**Task instructions:** Go through the data and copy each line where the string "font" appears.

**Data records:**
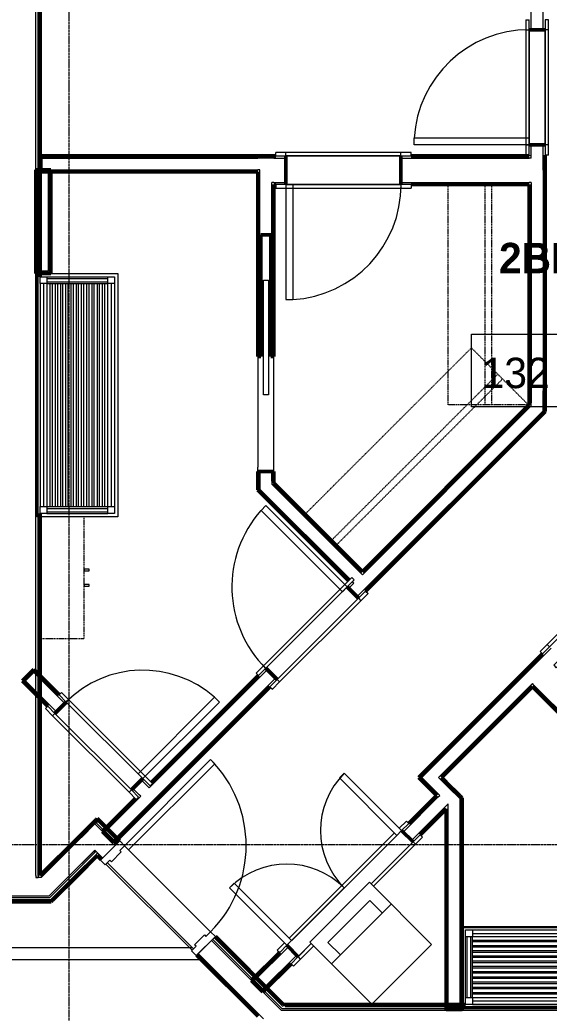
# Model space of a CAD drawing. Header units: inches. Extents: x -4218 to -1830, y 9767 to 12426.
# Drawn here: x -2514.9 to -2358.4, y 10417.4 to 10711.3 of the extents above; entities that cross this region are included whole.
import ezdxf

# ---------------------------------------------------------------- set-up
doc = ezdxf.new("R2010")
doc.units = ezdxf.units.IN
doc.header["$MEASUREMENT"] = 0
doc.linetypes.add('Dash', pattern=[0.25, 0.125, -0.125])
doc.linetypes.add('Grid Line 1_2_', pattern=[0.875, 0.5, -0.125, 0.125, -0.125])
for name, color, linetype, lineweight in [('0-1', 7, 'Continuous', 5), ('0-2', 10, 'Continuous', 9), ('A-AREA-IDEN', 2, 'Continuous', 9), ('A-DOOR-1', 10, 'Continuous', 9), ('A-DOOR-2', 50, 'Continuous', 20), ('A-DOOR-FRAM-1', 10, 'Continuous', 9), ('A-DOOR-FRAM-3', 50, 'Continuous', 20), ('A-FLOR-4', 192, 'Continuous', 9), ('A-WALL-1', 7, 'Continuous', 50), ('A-WALL-2', 250, 'Continuous', 13), ('A-WALL-3', 10, 'Continuous', 9), ('A-WALL-4', 252, 'Continuous', 9), ('A-WALL-5', 253, 'Continuous', 9), ('A-WALL-6', 254, 'Continuous', 9), ('A-WALL-7', 113, 'Continuous', 9), ('I-WALL-1', 7, 'Continuous', 50), ('I-WALL-2', 10, 'Continuous', 9), ('I-WALL-3', 252, 'Continuous', 9), ('I-WALL-4', 253, 'Continuous', 9), ('P-SANR-FIXT-1', 10, 'Continuous', 9), ('Q-CASE-1', 252, 'Continuous', 9), ('Q-CASE-2', 10, 'Continuous', 9), ('Q-CASE-3', 253, 'Continuous', 9), ('Q-CASE-4', 252, 'Dash', 9), ('Q-CASE-5', 10, 'Dash', 9), ('Q-CASE-HDLN-1', 10, 'Dash', 9), ('Q-CASE-HDLN-2', 252, 'Dash', 9), ('S-BEAM', 12, 'Continuous', 9), ('S-GRID-1', 1, 'Grid Line 1_2_', 9)]:
    doc.layers.add(name, color=color, linetype=linetype, lineweight=lineweight)
doc.styles.add('Century Gothic', font='ufonts.com_century-gothic.ttf', dxfattribs={"height": 9})
doc.styles.add('Century Gothic_B', font='GOTHICB.TTF', dxfattribs={"height": 9})

# ---------------------------------------------------------------- blocks, each defined once
blk = doc.blocks.new('Bath Vanity - Bath Vanity 72_-2551085-BACKGROUND - RCP - 1ST FLOOR')
at = {"layer": 'Q-CASE-1'}
for p, q in [((-35.26, -1), (-35.26, 0)), ((-35.26, 0), (36.74, 0)), ((36.74, -1), (36.74, -4.12))]:
    blk.add_line(p, q, dxfattribs=at)
at = {"layer": 'Q-CASE-2'}
for p, q in [((-35.26, -24), (-35.26, -1)), ((-34.26, -3), (-34.26, -1)), ((-34.26, -1), (-32.26, -1)), ((33.74, -1), (-32.26, -1)), ((-32.26, -1), (-32.26, -3)), ((33.74, -2), (-32.26, -2)), ((33.74, -3), (33.74, -1)), ((33.74, -1), (35.74, -1)), ((35.74, -1), (35.74, -3)), ((-34.26, -3), (-34.26, -21)), ((-32.26, -3), (-34.26, -3)), ((-33.76, -3), (-33.76, -21)), ((-32.76, -3), (-32.76, -21)), ((33.74, -3), (-32.26, -3)), ((-32.26, -3), (-32.26, -21)), ((-32.26, -4), (33.74, -4)), ((33.74, -4.55), (-32.26, -4.55)), ((-32.26, -5.55), (33.74, -5.55)), ((33.74, -3), (33.74, -21)), ((35.74, -3), (33.74, -3)), ((34.24, -3), (34.24, -21)), ((35.24, -3), (35.24, -21)), ((35.74, -3), (35.74, -21)), ((36.74, -4.12), (36.74, -24)), ((33.74, -6.09), (-32.26, -6.09)), ((-32.26, -7.09), (33.74, -7.09)), ((33.74, -7.64), (-32.26, -7.64)), ((-32.26, -8.64), (33.74, -8.64)), ((33.74, -9.18), (-32.26, -9.18)), ((-32.26, -10.18), (33.74, -10.18)), ((33.74, -10.73), (-32.26, -10.73)), ((-32.26, -11.73), (33.74, -11.73)), ((33.74, -12.27), (-32.26, -12.27)), ((-32.26, -13.27), (33.74, -13.27)), ((33.74, -13.82), (-32.26, -13.82)), ((-32.26, -14.82), (33.74, -14.82)), ((33.74, -15.36), (-32.26, -15.36)), ((-32.26, -16.36), (33.74, -16.36)), ((33.74, -16.91), (-32.26, -16.91)), ((-32.26, -17.91), (33.74, -17.91)), ((33.74, -18.45), (-32.26, -18.45)), ((-32.26, -19.45), (33.74, -19.45)), ((33.74, -20), (-32.26, -20)), ((-34.26, -23), (-34.26, -21)), ((-34.26, -21), (-32.26, -21)), ((-32.26, -23), (-34.26, -23)), ((-32.26, -21), (33.74, -21)), ((-32.26, -21), (-32.26, -23)), ((33.74, -22), (-32.26, -22)), ((33.74, -23), (-32.26, -23)), ((33.74, -23), (33.74, -21)), ((33.74, -21), (35.74, -21)), ((35.74, -23), (33.74, -23)), ((35.74, -21), (35.74, -23)), ((36.74, -24), (-35.26, -24))]:
    blk.add_line(p, q, dxfattribs=at)
at = {"layer": 'Q-CASE-3'}
blk.add_line((36.74, 0), (36.74, -1), dxfattribs=at)
blk = doc.blocks.new('POCKET - FLUSH - 2-10 x 6-8-2882530-BACKGROUND - RCP - 1ST FLOOR')
at = {"layer": 'A-DOOR-2'}
for p, q in [((-39.67, -0.75), (-39.67, 0.75)), ((-39.67, 0.75), (-5.67, 0.75)), ((-5.67, 0.75), (-5.67, -0.75)), ((-5.67, -0.75), (-39.67, -0.75))]:
    blk.add_line(p, q, dxfattribs=at)
blk = doc.blocks.new('SWING - SINGLE - FLUSH - 2-10 x 6-8 - PRIVACY-3199407-BACKGROUND - RCP - 1ST FLOOR')
at = {"layer": 'A-DOOR-1'}
blk.add_arc((17, 2.37), 34.07, 93.3657, 180, dxfattribs=at)
at = {"layer": 'A-DOOR-2'}
for p, q in [((15, 2.37), (15, 36.38)), ((17, 36.38), (15, 36.38)), ((17, 2.37), (17, 36.38)), ((17, 2.37), (15, 2.37))]:
    blk.add_line(p, q, dxfattribs=at)
at = {"layer": 'A-DOOR-FRAM-1'}
for p, q in [((-17, 3.37), (-20, 3.37)), ((-20, 2.37), (-20, 3.37)), ((17, 3.37), (-17, 3.37)), ((-17, 2.37), (-17, 3.37)), ((20, 3.37), (17, 3.37)), ((17, 2.37), (17, 3.37)), ((20, 2.37), (20, 3.37)), ((-20, 2.37), (-17, 2.37)), ((-17, 2.37), (17, 2.37)), ((17, 2.37), (20, 2.37)), ((-17, -2.38), (-20, -2.38)), ((-20, -2.38), (-20, -3.38)), ((17, -2.38), (-17, -2.38)), ((-17, -2.38), (-17, -3.38)), ((20, -2.38), (17, -2.38)), ((17, -2.38), (17, -3.38)), ((20, -2.38), (20, -3.38)), ((-20, -3.38), (-17, -3.38)), ((-17, -3.38), (17, -3.38)), ((17, -3.38), (20, -3.38))]:
    blk.add_line(p, q, dxfattribs=at)
blk = doc.blocks.new('OD_CW_Closet - OD_CW_Closet-3130101-BACKGROUND - RCP - 1ST FLOOR')
at = {"layer": 'Q-CASE-HDLN-1'}
for p, q in [((0.74, -23.99), (0.74, 0)), ((0.74, 0), (65.91, 0)), ((0.74, -11), (65.91, -11)), ((0.74, -13), (65.91, -13))]:
    blk.add_line(p, q, dxfattribs=at)
at = {"layer": 'Q-CASE-HDLN-2'}
for p, q in [((65.91, 0), (65.91, -24)), ((65.91, -24), (0.75, -24))]:
    blk.add_line(p, q, dxfattribs=at)
blk = doc.blocks.new('OD_CW_Closet - OD_CW_Closet-2625492-BACKGROUND - RCP - 1ST FLOOR')
at = {"layer": 'Q-CASE-HDLN-1'}
for p, q in [((0.74, 0), (70.36, 0)), ((70.36, 0), (70.36, -24)), ((0.74, -11), (70.36, -11)), ((0.74, -13), (70.36, -13))]:
    blk.add_line(p, q, dxfattribs=at)
at = {"layer": 'Q-CASE-HDLN-2'}
for p, q in [((0.74, -24), (0.74, 0)), ((70.36, -24), (0.74, -24))]:
    blk.add_line(p, q, dxfattribs=at)
blk = doc.blocks.new('SWING - SINGLE - FLUSH - 2-8 x 6-8 - PASSAGE-V8-BACKGROUND - RCP - 1ST FLOOR')
at = {"layer": 'A-DOOR-1'}
blk.add_arc((16, 2.37), 32.07, 93.5759, 180, dxfattribs=at)
at = {"layer": 'A-DOOR-2'}
for p, q in [((14, 2.37), (14, 34.38)), ((16, 34.38), (14, 34.38)), ((16, 2.37), (16, 34.38)), ((16, 2.37), (14, 2.37))]:
    blk.add_line(p, q, dxfattribs=at)
at = {"layer": 'A-DOOR-FRAM-1'}
for p, q in [((-16, 3.37), (-19, 3.37)), ((-19, 2.37), (-19, 3.37)), ((16, 3.37), (-16, 3.37)), ((-16, 2.37), (-16, 3.37)), ((19, 3.37), (16, 3.37)), ((16, 2.37), (16, 3.37)), ((19, 2.37), (19, 3.37)), ((-19, 2.37), (-16, 2.37)), ((-16, 2.37), (16, 2.37)), ((16, 2.37), (19, 2.37)), ((-16, -2.38), (-19, -2.38)), ((-19, -2.38), (-19, -3.38)), ((16, -2.38), (-16, -2.38)), ((-16, -2.38), (-16, -3.38)), ((19, -2.38), (16, -2.38)), ((16, -2.38), (16, -3.38)), ((19, -2.38), (19, -3.38)), ((-19, -3.38), (-16, -3.38)), ((-16, -3.38), (16, -3.38)), ((16, -3.38), (19, -3.38))]:
    blk.add_line(p, q, dxfattribs=at)
blk = doc.blocks.new('SWING - SINGLE - FLUSH - 2-10 x 6-8 - PRIVACY-3199420-BACKGROUND - RCP - 1ST FLOOR')
at = {"layer": 'A-DOOR-1'}
blk.add_arc((17, 4.25), 34.07, 93.3657, 180, dxfattribs=at)
at = {"layer": 'A-DOOR-2'}
for p, q in [((15, 4.25), (15, 38.26)), ((17, 38.26), (15, 38.26)), ((17, 4.25), (17, 38.26)), ((17, 4.25), (15, 4.25))]:
    blk.add_line(p, q, dxfattribs=at)
at = {"layer": 'A-DOOR-FRAM-1'}
for p, q in [((-17, 5.25), (-20, 5.25)), ((-20, 4.25), (-20, 5.25)), ((-20, 4.25), (-17, 4.25)), ((17, 5.25), (-17, 5.25)), ((-17, 4.25), (-17, 5.25)), ((-17, 4.25), (17, 4.25)), ((20, 5.25), (17, 5.25)), ((17, 4.25), (17, 5.25)), ((17, 4.25), (20, 4.25)), ((20, 4.25), (20, 5.25)), ((-17, -4.25), (-20, -4.25)), ((-20, -4.25), (-20, -5.25)), ((-20, -5.25), (-17, -5.25)), ((17, -4.25), (-17, -4.25)), ((-17, -4.25), (-17, -5.25)), ((-17, -5.25), (17, -5.25)), ((20, -4.25), (17, -4.25)), ((17, -4.25), (17, -5.25)), ((17, -5.25), (20, -5.25)), ((20, -4.25), (20, -5.25))]:
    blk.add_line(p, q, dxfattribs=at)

**Answer space:**
doc.styles.add('Century Gothic', font='ufonts.com_century-gothic.ttf', dxfattribs={"height": 9})
doc.styles.add('Century Gothic_B', font='GOTHICB.TTF', dxfattribs={"height": 9})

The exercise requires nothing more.